Still, citing internal customer interviews, George said QVC's heavy users - mostly working-age women - use Amazon for mundane purchases like "pet food and cleaning supplies," not clothes or other QVC mainstays. He said QVC expects sales to recover later this year. Shares rose nearly 4 percent Monday.

Meanwhile, in Hoboken, Marc Lore, the Bucknell grad who sold Diapers.com (Qdisi) to Amazon.com for $500 million six years ago, had another fat payday Monday. He, his partners, and their investors sold Jet.com, their high-tech warehouse development in Swedesboro near the Commodore Barry Bridge, and other assets, to Wal-Mart Stores Inc. for $3 billion in cash plus $300 million in stock.
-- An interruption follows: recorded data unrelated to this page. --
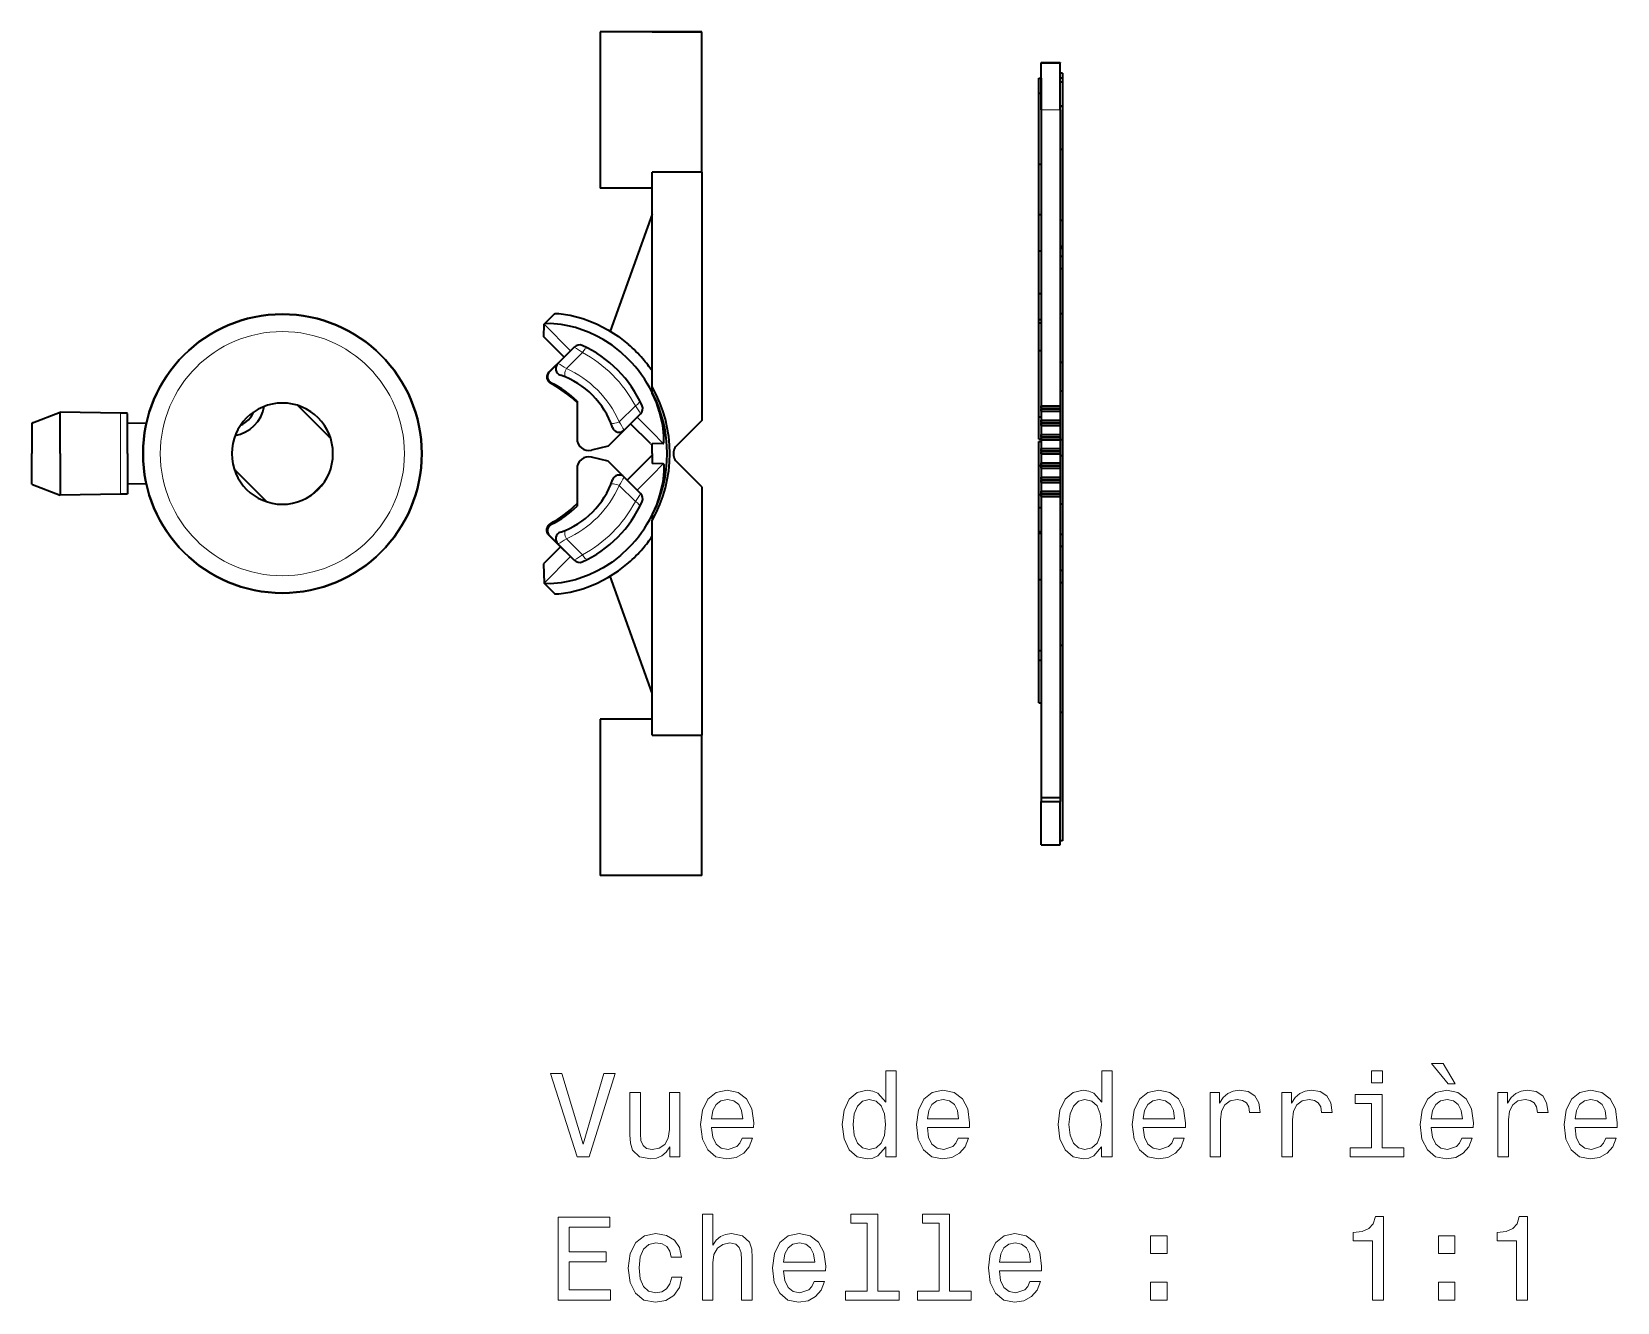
# Model space of a CAD drawing. Extents: x 291 to 1058, y 103 to 772.
# Drawn here: x 967 to 1033.9, y 384.7 to 438.3 of the extents above; entities that cross this region are included whole.
import ezdxf

# ---------------------------------------------------------------- set-up
doc = ezdxf.new("R2010")
doc.units = 0

msp = doc.modelspace()

# ---------------------------------------------------------------- linework, layer by layer
at = {"color": 7, "lineweight": 35, "ltscale": 0.055}
for p, q in [((993.135, 438.3), (990.935, 438.3)), ((993.135, 431.7), (990.935, 431.7)), ((993.135, 409.3), (990.935, 409.3)), ((993.135, 409.3), (990.935, 409.3)), ((993.135, 402.7), (990.935, 402.7))]:
    msp.add_line(p, q, dxfattribs=at)
at = {"color": 7, "lineweight": 35, "ltscale": 0.164999}
for p, q in [((990.935, 438.3), (990.935, 431.7)), ((990.935, 409.3), (990.935, 402.7))]:
    msp.add_line(p, q, dxfattribs=at)
at = {"color": 7, "lineweight": 35, "ltscale": 0.1075}
msp.add_line((995.234, 438.3), (990.935, 438.3), dxfattribs=at)
at = {"color": 7, "lineweight": 35, "ltscale": 0.052499}
for p, q in [((993.135, 438.3), (995.234, 438.3)), ((995.234, 432.375), (993.135, 432.375)), ((993.135, 408.625), (995.234, 408.625)), ((995.234, 402.7), (993.135, 402.7))]:
    msp.add_line(p, q, dxfattribs=at)
at = {"color": 7, "lineweight": 35, "ltscale": 0.148122}
for p, q in [((995.234, 432.375), (995.234, 438.3)), ((995.234, 402.7), (995.234, 408.625))]:
    msp.add_line(p, q, dxfattribs=at)
at = {"color": 7, "lineweight": 35, "ltscale": 0.000189972}
for p, q in [((1009.544, 437), (1009.544, 436.992)), ((1009.544, 437), (1009.544, 436.992)), ((1010.349, 437), (1010.349, 436.992))]:
    msp.add_line(p, q, dxfattribs=at)
at = {"color": 7, "lineweight": 35, "ltscale": 0.020125}
for p, q in [((1009.544, 437), (1010.349, 437)), ((1009.544, 436.992), (1010.349, 436.992)), ((1009.544, 422.513), (1010.349, 422.513)), ((1009.544, 422.415), (1010.349, 422.415)), ((1009.544, 422.385), (1010.349, 422.385)), ((1009.544, 422.287), (1010.349, 422.287)), ((1009.544, 421.913), (1010.349, 421.913)), ((1009.544, 421.815), (1010.349, 421.815)), ((1009.544, 421.785), (1010.349, 421.785)), ((1009.544, 421.687), (1010.349, 421.687)), ((1009.544, 421.313), (1010.349, 421.313)), ((1009.544, 421.215), (1010.349, 421.215)), ((1009.544, 421.185), (1010.349, 421.185)), ((1009.544, 421.087), (1010.349, 421.087)), ((1009.544, 420.713), (1010.349, 420.713)), ((1009.544, 420.615), (1010.349, 420.615)), ((1009.544, 420.585), (1010.349, 420.585)), ((1009.544, 420.487), (1010.349, 420.487)), ((1009.544, 420.113), (1010.349, 420.113)), ((1009.544, 420.015), (1010.349, 420.015)), ((1009.544, 419.985), (1010.349, 419.985)), ((1009.544, 419.887), (1010.349, 419.887)), ((1009.544, 419.513), (1010.349, 419.513)), ((1009.544, 419.415), (1010.349, 419.415)), ((1009.544, 419.385), (1010.349, 419.385)), ((1009.544, 419.287), (1010.349, 419.287)), ((1009.544, 418.913), (1010.349, 418.913)), ((1009.544, 418.815), (1010.349, 418.815)), ((1009.544, 418.785), (1010.349, 418.785)), ((1009.544, 418.687), (1010.349, 418.687)), ((1009.544, 406), (1010.349, 406)), ((1009.544, 405.826), (1010.349, 405.826)), ((1009.544, 404), (1010.349, 404))]:
    msp.add_line(p, q, dxfattribs=at)
at = {"color": 7, "lineweight": 35, "ltscale": 0.04981}
for p, q in [((1009.544, 435), (1009.544, 436.992)), ((1009.544, 435), (1009.544, 436.992)), ((1010.349, 435), (1010.349, 436.992))]:
    msp.add_line(p, q, dxfattribs=at)
at = {"color": 7, "lineweight": 35, "ltscale": 0.01578}
for p, q in [((1009.444, 435.704), (1009.444, 436.335)), ((1009.544, 436.335), (1009.544, 435.704))]:
    msp.add_line(p, q, dxfattribs=at)
at = {"color": 7, "lineweight": 35, "ltscale": 0.002501}
for p, q in [((1009.444, 436.335), (1009.544, 436.335)), ((1009.444, 435.704), (1009.544, 435.704)), ((1009.444, 432.707), (1009.544, 432.707)), ((1009.444, 430.596), (1009.544, 430.596)), ((1009.444, 429.058), (1009.544, 429.058)), ((1009.444, 427.262), (1009.544, 427.262)), ((1009.444, 426.158), (1009.544, 426.158)), ((1009.444, 426.025), (1009.544, 426.025)), ((1009.444, 424.848), (1009.544, 424.848)), ((1009.444, 422.052), (1009.544, 422.052)), ((1009.444, 421.115), (1009.544, 421.115)), ((1009.444, 421.015), (1009.544, 421.015)), ((1009.444, 419.998), (1009.544, 419.998)), ((1009.444, 418.782), (1009.544, 418.782)), ((1009.444, 418.228), (1009.544, 418.228)), ((1009.444, 417.212), (1009.544, 417.212)), ((1009.444, 417.146), (1009.544, 417.146)), ((1009.444, 415.198), (1009.544, 415.198)), ((1009.444, 412.202), (1009.544, 412.202)), ((1009.444, 411.788), (1009.544, 411.788)), ((1009.444, 409.992), (1009.544, 409.992))]:
    msp.add_line(p, q, dxfattribs=at)
at = {"color": 7, "lineweight": 35, "ltscale": 0.002499}
for p, q in [((1010.449, 436.55), (1010.349, 436.55)), ((1010.449, 436.335), (1010.349, 436.335)), ((1010.449, 436.177), (1010.349, 436.177)), ((1010.449, 435.16), (1010.349, 435.16)), ((1010.449, 435.146), (1010.349, 435.146)), ((1010.449, 433.334), (1010.349, 433.334)), ((1010.449, 430.337), (1010.349, 430.337)), ((1010.449, 429.245), (1010.349, 429.245)), ((1010.449, 429.152), (1010.349, 429.152)), ((1010.449, 428.82), (1010.349, 428.82)), ((1010.449, 428.293), (1010.349, 428.293)), ((1010.449, 426.395), (1010.349, 426.395)), ((1010.449, 424.345), (1010.349, 424.345)), ((1010.449, 423.135), (1010.349, 423.135)), ((1010.449, 421.085), (1010.349, 421.085)), ((1010.449, 420.415), (1010.349, 420.415)), ((1010.449, 418.365), (1010.349, 418.365)), ((1010.449, 417.095), (1010.349, 417.095)), ((1010.449, 416.583), (1010.349, 416.583)), ((1010.449, 415.567), (1010.349, 415.567)), ((1010.449, 415.045), (1010.349, 415.045)), ((1010.449, 412.414), (1010.349, 412.414)), ((1010.449, 409.586), (1010.349, 409.586)), ((1010.449, 404.167), (1010.349, 404.167))]:
    msp.add_line(p, q, dxfattribs=at)
at = {"color": 7, "lineweight": 35, "ltscale": 0.00537}
msp.add_line((1010.449, 436.55), (1010.449, 436.335), dxfattribs=at)
at = {"color": 7, "lineweight": 35, "ltscale": 0.003951}
msp.add_line((1010.449, 436.335), (1010.449, 436.177), dxfattribs=at)
at = {"color": 7, "lineweight": 35, "ltscale": 0.02542}
for p, q in [((1010.449, 436.177), (1010.449, 435.16)), ((1009.444, 417.212), (1009.444, 418.228)), ((1009.544, 418.228), (1009.544, 417.212)), ((1010.449, 416.583), (1010.449, 415.567)), ((1009.444, 411.192), (1009.444, 412.208))]:
    msp.add_line(p, q, dxfattribs=at)
at = {"color": 7, "lineweight": 35, "ltscale": 0.07492}
for p, q in [((1009.444, 432.707), (1009.444, 435.704)), ((1009.544, 435.704), (1009.544, 432.707)), ((1010.449, 433.334), (1010.449, 430.337)), ((1009.444, 412.202), (1009.444, 415.198)), ((1009.544, 415.198), (1009.544, 412.202))]:
    msp.add_line(p, q, dxfattribs=at)
at = {"color": 7, "lineweight": 35, "ltscale": 0.31218}
for p, q in [((1009.544, 435), (1009.544, 422.513)), ((1009.544, 435), (1009.544, 422.513)), ((1010.349, 435), (1010.349, 422.513))]:
    msp.add_line(p, q, dxfattribs=at)
at = {"color": 7, "lineweight": 13, "ltscale": 0.020125}
msp.add_line((1009.544, 435), (1010.349, 435), dxfattribs=at)
at = {"color": 7, "lineweight": 35, "ltscale": 0.000360107}
msp.add_line((1010.449, 435.16), (1010.449, 435.146), dxfattribs=at)
at = {"color": 7, "lineweight": 35, "ltscale": 0.04531}
msp.add_line((1010.449, 435.146), (1010.449, 433.334), dxfattribs=at)
at = {"color": 7, "lineweight": 35, "ltscale": 0.010448}
msp.add_line((993.135, 431.957), (993.135, 432.375), dxfattribs=at)
at = {"color": 7, "lineweight": 35, "ltscale": 0.261918}
for p, q in [((995.234, 432.375), (995.234, 421.898)), ((995.234, 419.102), (995.234, 408.625))]:
    msp.add_line(p, q, dxfattribs=at)
at = {"color": 7, "lineweight": 35, "ltscale": 0.052772}
for p, q in [((1009.444, 430.596), (1009.444, 432.707)), ((1009.544, 432.707), (1009.544, 430.596))]:
    msp.add_line(p, q, dxfattribs=at)
at = {"color": 7, "lineweight": 35, "ltscale": 0.215837}
msp.add_line((993.135, 423.324), (993.135, 431.957), dxfattribs=at)
at = {"color": 7, "lineweight": 35, "ltscale": 0.131071}
for p, q in [((993.135, 430.601), (991.366, 425.665)), ((993.135, 410.399), (991.366, 415.335))]:
    msp.add_line(p, q, dxfattribs=at)
at = {"color": 7, "lineweight": 35, "ltscale": 0.038448}
for p, q in [((1009.444, 429.058), (1009.444, 430.596)), ((1009.544, 430.596), (1009.544, 429.058))]:
    msp.add_line(p, q, dxfattribs=at)
at = {"color": 7, "lineweight": 35, "ltscale": 0.027305}
msp.add_line((1010.449, 430.337), (1010.449, 429.245), dxfattribs=at)
at = {"color": 7, "lineweight": 35, "ltscale": 0.04492}
for p, q in [((1009.444, 427.262), (1009.444, 429.058)), ((1009.544, 429.058), (1009.544, 427.262)), ((1009.444, 409.992), (1009.444, 411.788)), ((1009.544, 411.788), (1009.544, 409.992))]:
    msp.add_line(p, q, dxfattribs=at)
at = {"color": 7, "lineweight": 35, "ltscale": 0.002325}
msp.add_line((1010.449, 429.245), (1010.449, 429.152), dxfattribs=at)
at = {"color": 7, "lineweight": 35, "ltscale": 0.008288}
msp.add_line((1010.449, 429.152), (1010.449, 428.82), dxfattribs=at)
at = {"color": 7, "lineweight": 35, "ltscale": 0.013165}
msp.add_line((1010.449, 428.82), (1010.449, 428.293), dxfattribs=at)
at = {"color": 7, "lineweight": 35, "ltscale": 0.047453}
msp.add_line((1010.449, 428.293), (1010.449, 426.395), dxfattribs=at)
at = {"color": 7, "lineweight": 35, "ltscale": 0.02758}
for p, q in [((1009.444, 426.158), (1009.444, 427.262)), ((1009.544, 427.262), (1009.544, 426.158))]:
    msp.add_line(p, q, dxfattribs=at)
at = {"color": 7, "lineweight": 35, "ltscale": 0.015244}
for p, q in [((988.578, 425.966), (989.009, 426.397)), ((988.578, 415.034), (989.009, 414.603))]:
    msp.add_line(p, q, dxfattribs=at)
at = {"color": 7, "lineweight": 35, "ltscale": 0.003325}
for p, q in [((1009.444, 426.025), (1009.444, 426.158)), ((1009.544, 426.158), (1009.544, 426.025))]:
    msp.add_line(p, q, dxfattribs=at)
at = {"color": 7, "lineweight": 35, "ltscale": 0.05127}
for p, q in [((1010.449, 426.395), (1010.449, 424.345)), ((1010.449, 423.135), (1010.449, 421.085)), ((1010.449, 420.415), (1010.449, 418.365))]:
    msp.add_line(p, q, dxfattribs=at)
at = {"color": 7, "lineweight": 35, "ltscale": 0.013325}
msp.add_line((988.56, 425.427), (988.576, 425.96), dxfattribs=at)
at = {"color": 7, "lineweight": 35, "ltscale": 0.000152857}
for p, q in [((988.578, 425.966), (988.576, 425.96)), ((988.578, 415.034), (988.576, 415.04))]:
    msp.add_line(p, q, dxfattribs=at)
at = {"color": 7, "lineweight": 13, "ltscale": 0.039479}
for p, q in [((988.576, 425.96), (989.692, 424.844)), ((988.576, 415.04), (989.692, 416.156))]:
    msp.add_line(p, q, dxfattribs=at)
at = {"color": 7, "lineweight": 35, "ltscale": 0.029425}
for p, q in [((1009.444, 424.848), (1009.444, 426.025)), ((1009.544, 426.025), (1009.544, 424.848))]:
    msp.add_line(p, q, dxfattribs=at)
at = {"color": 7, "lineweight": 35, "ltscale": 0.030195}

With client sales of $1 billion a year from retailers including Barnes & Noble, GNC, Toys "R" Us, and Sports Authority (now in bankruptcy), Jet will now help Walmart, the nation's largest retail chain, try to catch up to Amazon's long lead in direct-from-the-warehouse retail.

Walmart wants Jet for the company's "dynamic pricing and sourcing," said Stefan Weitz, chief product and strategy officer at Radial (formerly eBay Enterprise), a King of Prussia company that manages mobile and online sales for retailers.

"One of Jet.com's value propositions is that they are able to reprice items in your basket, based on the other items you buy," Weitz told me.

"Jet is able to do this because they are constantly repricing their goods based on the [profit] margins they've decided they need to hit," and the savings from sending many items to a single buyer.

The software needed to match profit targets to inventory and location, adjust prices, and deliver on time "is a phenomenally complex computer science task" - and has special resonance for Walmart, Weitz added.

Jet's "dynamic pricing" recalls Walmart's former "Rollback" in-store price-cut program, which relied on old-fashioned inventory and sales tracking to target products for discounts.

By bringing back Rollback-like savings online, Jet.com makes Walmart more appealing to longtime customers as they move online, so they'll buy more and keep coming back, Weitz said.

The deal enriches Jet founders and investors: Jet raised around $470 million from venture capitalists at Boston's Fidelity and Bain investment firms, Philadelphia-based MentorTech, Accel Partners and Google Ventures of Silicon Valley, New Enterprise Associates of suburban Washington, New York-based Goldman Sachs, and others, mostly in 2014, according to SEC reports.